# Bourbon-Pecan Alfredo



## crewsk (Aug 27, 2004)

This is supper tonight along with some steamed broccoli. Just thought I'd share it with ya'll! BTW, it came from a Southern Living Cookbook.


Burbon-Pecan Alfredo
6oz. linguini, uncooked
3Tbsp. butter or margarine
3 cloves garlic, minced
3/4C. burbon, divided
1C whipping cream
1C freshly grated parmesan cheese
1/2C pecan pieces, toasted
2Tbsp. chopped parsley
Cook linguini according to package directions; drain & keep warm.
Melt butter in a skillet over medium heat; add garlic & cook, stirrong constantly, until tender.
Add 1/2C. burbon, & cook 3-5 minutes, stirring constantly.
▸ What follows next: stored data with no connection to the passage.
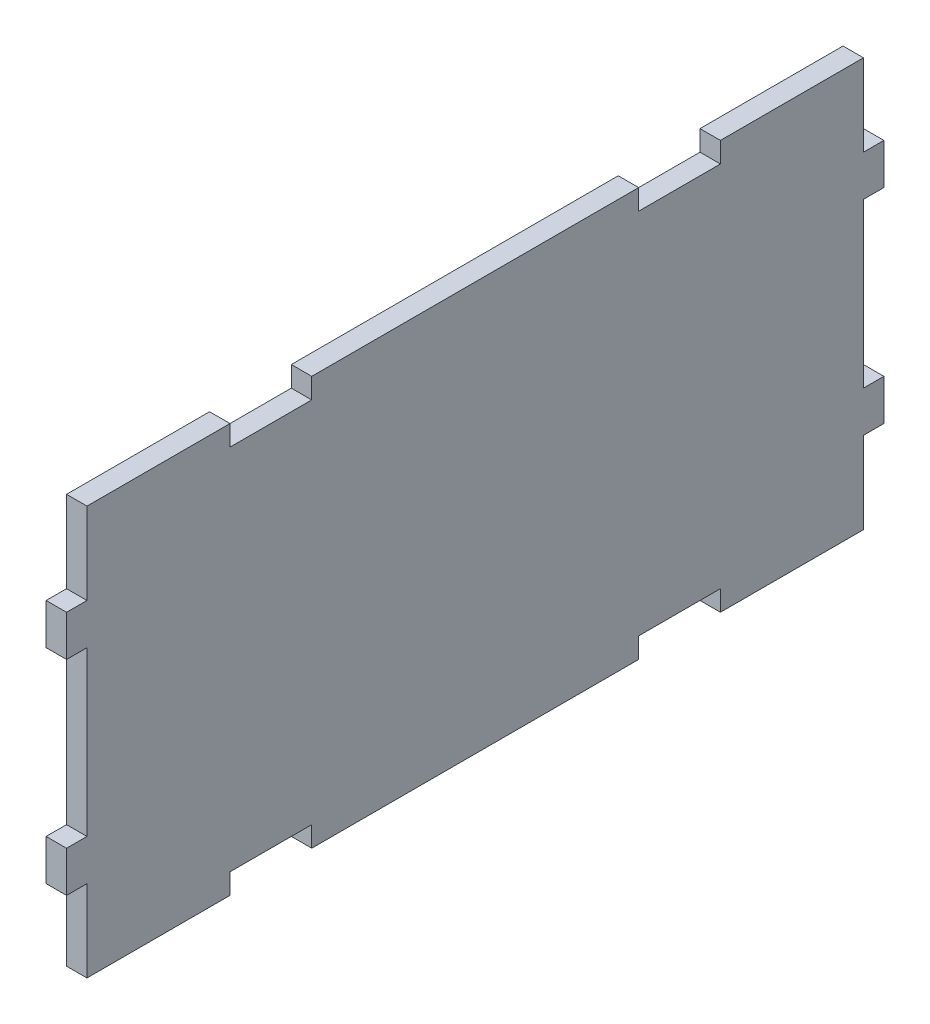
SolidWorks part; units mm, degrees
ref_plane "Front Plane" through (0, 0, 0) normal (0, 0, 1) x (1, 0, 0)
ref_plane "Top Plane" through (0, 0, 0) normal (0, 1, 0) x (1, 0, 0)
ref_plane "Right Plane" through (0, 0, 0) normal (1, 0, 0) x (0, 0, -1)
sketch "Sketch1" plane through (0, 0, 0) normal (1, 0, 0) x (0, 0, -1)
  line L0 (-76.1508, -61.6178) -> (-41.1508, -61.6178)
  line L1 (-76.1508, 38.3822) -> (-41.1508, 38.3822)
  line L2 (-81.1508, 18.3822) -> (-81.1508, 8.3822)
  line L3 (58.8492, -61.6178) -> (58.8492, -56.6178)
  line L4 (113.8492, 38.3822) -> (113.8492, 18.3822)
  line L5 (-41.1508, -61.6178) -> (-41.1508, -56.6178)
  line L6 (-41.1508, -56.6178) -> (-21.1508, -56.6178)
  line L7 (-21.1508, -56.6178) -> (-21.1508, -61.6178)
  line L8 (-21.1508, -61.6178) -> (58.8492, -61.6178)
  line L9 (58.8492, -56.6178) -> (78.8492, -56.6178)
  line L10 (78.8492, -61.6178) -> (113.8492, -61.6178)
  line L11 (78.8492, -61.6178) -> (78.8492, -56.6178)
  line L12 (-21.1508, 38.3822) -> (58.8492, 38.3822)
  line L13 (58.8492, 33.3822) -> (78.8492, 33.3822)
  line L14 (113.8492, 18.3822) -> (118.8492, 18.3822)
  line L15 (-41.1508, 33.3822) -> (-21.1508, 33.3822)
  line L16 (-76.1508, 38.3822) -> (-76.1508, 18.3822)
  line L17 (-41.1508, 33.3822) -> (-41.1508, 38.3822)
  line L18 (-76.1508, 18.3822) -> (-81.1508, 18.3822)
  line L19 (-21.1508, 33.3822) -> (-21.1508, 38.3822)
  line L20 (-21.1508, 38.3822) -> (58.8492, 38.3822)
  line L21 (58.8492, 38.3822) -> (58.8492, 33.3822)
  line L22 (58.8492, 33.3822) -> (78.8492, 33.3822)
  line L23 (78.8492, 33.3822) -> (78.8492, 38.3822)
  line L24 (-81.1508, 8.3822) -> (-76.1508, 8.3822)
  line L25 (-76.1508, 8.3822) -> (-76.1508, -31.6178)
  line L26 (-76.1508, -31.6178) -> (-81.1508, -31.6178)
  line L27 (-81.1508, -31.6178) -> (-81.1508, -41.6178)
  line L28 (-81.1508, -41.6178) -> (-76.1508, -41.6178)
  line L29 (-76.1508, -41.6178) -> (-76.1508, -61.6178)
  line L30 (78.8492, 38.3822) -> (113.8492, 38.3822)
  line L31 (118.8492, 18.3822) -> (118.8492, 8.3822)
  line L32 (118.8492, 8.3822) -> (113.8492, 8.3822)
  line L33 (113.8492, 8.3822) -> (113.8492, -31.6178)
  line L34 (113.8492, -31.6178) -> (118.8492, -31.6178)
  line L35 (118.8492, -31.6178) -> (118.8492, -41.6178)
  line L36 (118.8492, -41.6178) -> (113.8492, -41.6178)
  line L37 (113.8492, -41.6178) -> (113.8492, -61.6178)
  dimension "D1" = 200
  dimension "D2" = 5
  dimension "D3" = 35
  dimension "D4" = 20
  dimension "D5" = 80
  dimension "D6" = 20
  dimension "D7" = 35
  dimension "D8" = 5
  dimension "D9" = 100
  dimension "D10" = 40
  dimension "D11" = 10
  dimension "D12" = 20
  dimension "D13" = 20
  dimension "D14" = 10
extrude "Boss-Extrude1" add sketch "Sketch1" along normal blind 5 contours L37 L36 L35 L34 L33 L32 L31 L14 L4 L30 L23 L13 L21 L12 L19 L15 L17 L1 L16 L18 L2 L24 L25 L26 L27 L28 L29 L0 L5 L6 L7 L8 L3 L9 L11 L10
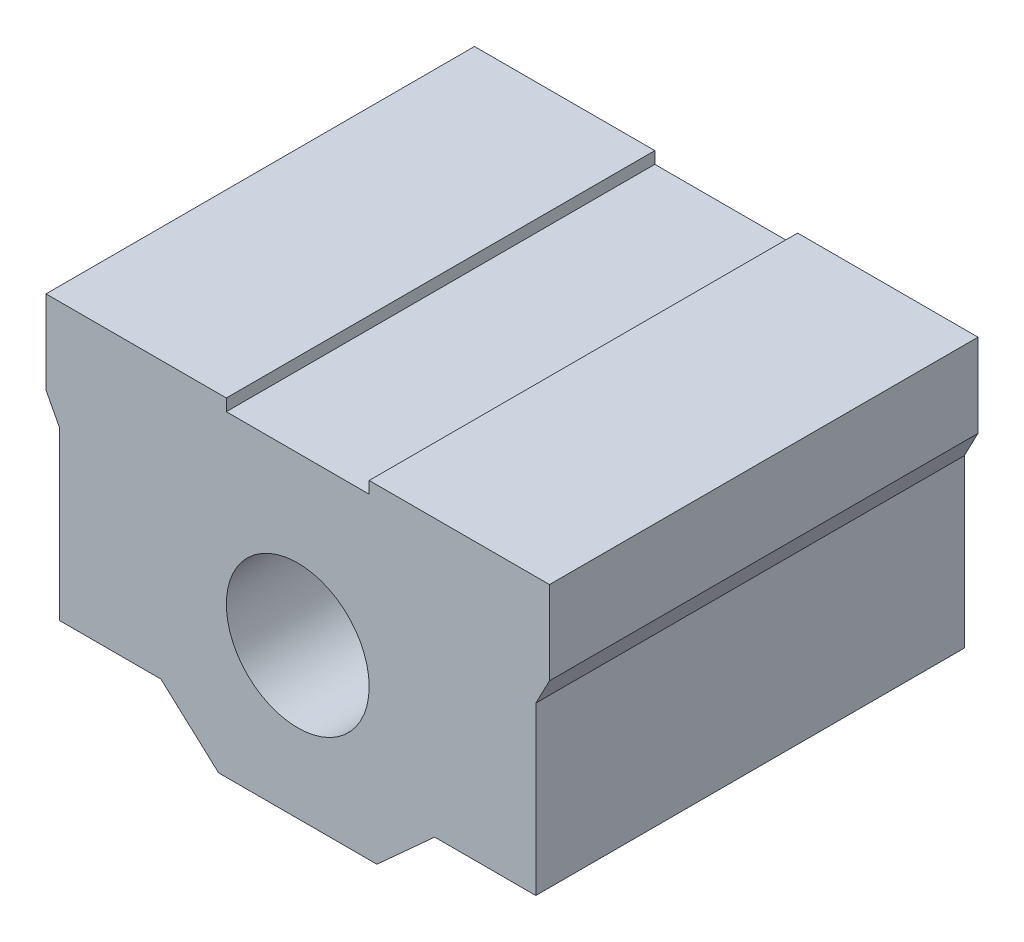
SolidWorks part; units mm, degrees
ref_plane "前视基准面" through (0, 0, 0) normal (0, 0, 1) x (1, 0, 0)
ref_plane "上视基准面" through (0, 0, 0) normal (0, 1, 0) x (1, 0, 0)
ref_plane "右视基准面" through (0, 0, 0) normal (1, 0, 0) x (0, 0, -1)
sketch "草图1" plane through (0, 0, 0) normal (0, 0, 1) x (1, 0, 0)
  line L0 (0, 42.0934) -> (0, 0) construction
  line L1 (0, 0) -> (49.8045, 0) construction
  line L2 (6.65, 0) -> (-6.65, 0)
  line L3 (-6.65, 0) -> (-11.5, 4.4)
  line L4 (-11.5, 4.4) -> (-20, 4.4)
  line L5 (-20, 4.4) -> (-20, 18.4)
  line L6 (-20, 18.4) -> (-21.15, 20.6)
  line L7 (-21.15, 20.6) -> (-21.15, 27.6)
  line L8 (-21.15, 27.6) -> (-6, 27.6)
  line L9 (-6, 27.6) -> (-6, 26.6)
  line L10 (-6, 26.6) -> (6, 26.6)
  line L11 (11.5, 4.4) -> (20, 4.4)
  line L12 (6.65, 0) -> (11.5, 4.4)
  line L13 (20, 18.4) -> (21.15, 20.6)
  line L14 (20, 4.4) -> (20, 18.4)
  line L15 (21.15, 20.6) -> (21.15, 27.6)
  line L16 (6, 27.6) -> (6, 26.6)
  line L17 (21.15, 27.6) -> (6, 27.6)
  circle A0 centre (0, 12.6) radius 6
  point P23 (0, 26.6)
  dimension "D1" = 12
  dimension "D2" = 42.3
  dimension "D3" = 27.6
  dimension "D4" = 12.6
  dimension "D5" = 40
  dimension "D6" = 13.3
  dimension "D7" = 12
  dimension "D8" = 1
  dimension "D9" = 23.2
  dimension "D10" = 8.5
  dimension "D11" = 14
  dimension "D12" = 7
extrude "凸台-拉伸1" add sketch "草图1" along normal blind 36

Stir in whipping cream & cheese. Cook over low heat, stirring constantly, until cheese melts. Gradually stir in remaining 1/4C. burbon; stir in pecans & parsley. Pour over pasta; toss. Serve immediately.


----------



## Alix (Aug 27, 2004)

I am drooling. Thank you for posting this.


----------



## marmalady (Sep 9, 2004)

This looks just awesome, Crws - Tx!


----------



## crewsk (Sep 9, 2004)

Marmalady, it is great as long as you don't burn the garlic & forget the cheese! Last time I made it, I did both!


----------